From the netstat -xan output, you can see that there is a listener missing for one of the storage adapters. The interface index for the missing adapter can be found using the Get-NetAdapter cmdlet.
PS C:\> Get-NetAdapter
Name InterfaceDescription ifIndex Status MacAddress LinkSpeed
______________ __ ___________________ ____ ______vEthernet (Storage2) Hyper-V Virtual Ethernet Adapter #3 14 Up 00-15-5D-09-C4-0210 Gbps
vEthernet (Storage1) Hyper-V Virtual Ethernet Adapter #2 4 Up 00-15-5D-09-C4-0110 Gbps
vEthernet (Management)Hyper-V Virtual Ethernet Adapter 10 Up 00-15-5D-09-C4-0010 Gbps
Ethernet Remote NDIS Compatible Device 9 Not Present 50-9A-4C-A7-F9-DF 0 bps
NIC2 Intel(R) Ethernet 10G X710 rNDC 6 Disconnected 24-6E-96-52-CC-A410 Gbps
NIC4 Intel(R) I350 Gigabit Network Connec... 15 Disconnected 24-6E-96-52-CC-C3 0 bps
NIC3 Intel(R) I350 Gigabit Network Conn...#2 8 Disconnected 24-6E-96-52-CC-C2 0 bps
NIC1 Intel(R) Ethernet 10G 4P X710/I350 rNDC 13 Disconnected 24-6E-96-52-CC-A210 Gbps
SLOT 1 Port 2 Mellanox ConnectX-4 Lx Ethernet Ad...#2 2 Up 24-8A-07-59-4C-6910 Gbps
SLOT 1 Port 1 Mellanox ConnectX-4 Lx Ethernet Adapter 11 Up 24-8A-07-59-4C-6810 Gbps
By looking at the netstat –xan output (shown in Output Listing 2), you can see that interface with index 14 has no listener associated with it. From the Get-NetAdapter cmdlet, you can see that the interface index 14 is the virtual adapter vEthernet (Storage2).

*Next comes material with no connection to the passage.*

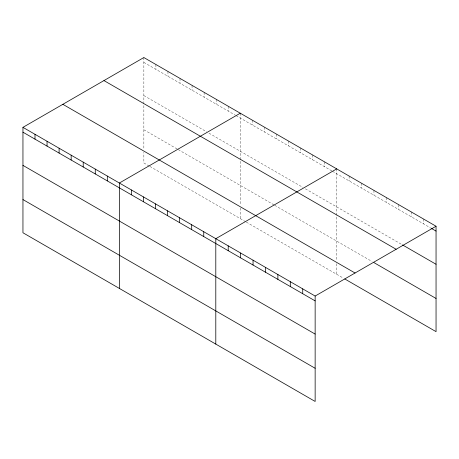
<?xml version="1.0" encoding="UTF-8"?>
<svg xmlns="http://www.w3.org/2000/svg" width="459" height="459" viewBox="0 0 459 459"><rect width="100%" height="100%" fill="white"/><g stroke="black" fill="none" stroke-linecap="round" stroke-linejoin="round"><path stroke-width="0.34" stroke-dasharray="2.29 1.72" d="M143.856 62.39L235.461 115.272M236.064 115.622L331.886 170.943M332.488 171.293L430.462 227.853M143.856 95.575L206.533 131.762M208.943 133.15L302.957 187.427M305.367 188.821L401.9 244.555M143.856 129.771L177.604 149.25M178.207 149.6L274.029 204.921M274.631 205.271L372.094 261.538M149.284 166.089L143.856 162.956L143.856 152.365M149.886 166.433L245.703 221.754M246.311 222.104L343.533 278.24M423.634 219.069L423.634 223.912M411.212 211.897L411.212 216.746M398.796 204.731L398.796 209.574M386.375 197.559L386.375 202.402M373.959 190.393L373.959 195.236M361.543 183.221L361.543 188.064M349.121 176.049L349.121 180.898M336.705 168.883L336.705 260.878M336.705 263.701L336.705 274.293M324.651 161.924L324.651 166.766M312.596 154.964L312.596 159.807M300.547 148.005L300.547 152.853M288.493 141.045L288.493 145.893M276.438 134.091L276.438 138.934M264.39 127.132L264.39 131.974M252.335 120.172L252.335 125.014M240.281 113.212L240.281 205.207M240.281 208.036L240.281 218.627M228.226 106.253L228.226 111.095M216.178 99.293L216.178 104.141M204.123 92.339L204.123 97.182M192.069 85.38L192.069 90.222M180.02 78.42L180.02 83.263M167.965 71.461L167.965 76.303M155.911 64.501L155.911 69.343M143.856 57.541L143.856 149.542"/><path stroke-width="0.69" d="M22.95 127.35L315.144 296.044L315.144 401.459L22.95 232.759L22.95 127.35L143.856 57.541L436.05 226.241L436.05 331.65L344.778 278.957M240.281 113.212L119.374 183.021L119.374 288.43M336.705 168.883L215.799 238.686L215.799 344.101M315.144 296.044L436.05 226.241M431.081 228.215L436.05 231.084M402.52 244.911L436.05 264.269M103.958 80.577L396.151 249.271M373.959 262.617L436.05 298.465M62.849 104.313L355.042 273.007M22.95 132.192L315.144 300.886M22.95 165.378L315.144 334.077M22.95 199.573L315.144 368.267M302.722 288.877L302.722 293.72M290.306 281.706L290.306 286.548M277.884 274.534L277.884 279.382M265.468 267.368L265.468 272.21M253.052 260.196L253.052 265.038M240.631 253.029L240.631 257.872M228.215 245.858L228.215 250.7M203.744 231.732L203.744 236.574M191.69 224.772L191.69 229.615M179.635 217.813L179.635 222.655M167.587 210.853L167.587 215.696M155.532 203.894L155.532 208.736M143.478 196.934L143.478 201.782M131.429 189.974L131.429 194.823M107.32 176.061L107.32 180.903M95.265 169.101L95.265 173.944M83.217 162.142L83.217 166.984M71.162 155.182L71.162 160.03M59.108 148.223L59.108 153.071M47.053 141.269L47.053 146.111M35.004 134.309L35.004 139.152"/></g></svg>

Note: This network adapter name may be different based on how you have named storage adapters in the management OS.You can now restart the interface with missing listener.
Restart-NetAdapter –Name 'vEthernet (Storage2)'
Once this process is complete, you can check netstat –xan to ensure that the listener is created. This process may take a few minutes. Once the listener is created, the cluster nodes will start communicating normally over RDMA and new SMB client errors will stop appearing in the event viewer.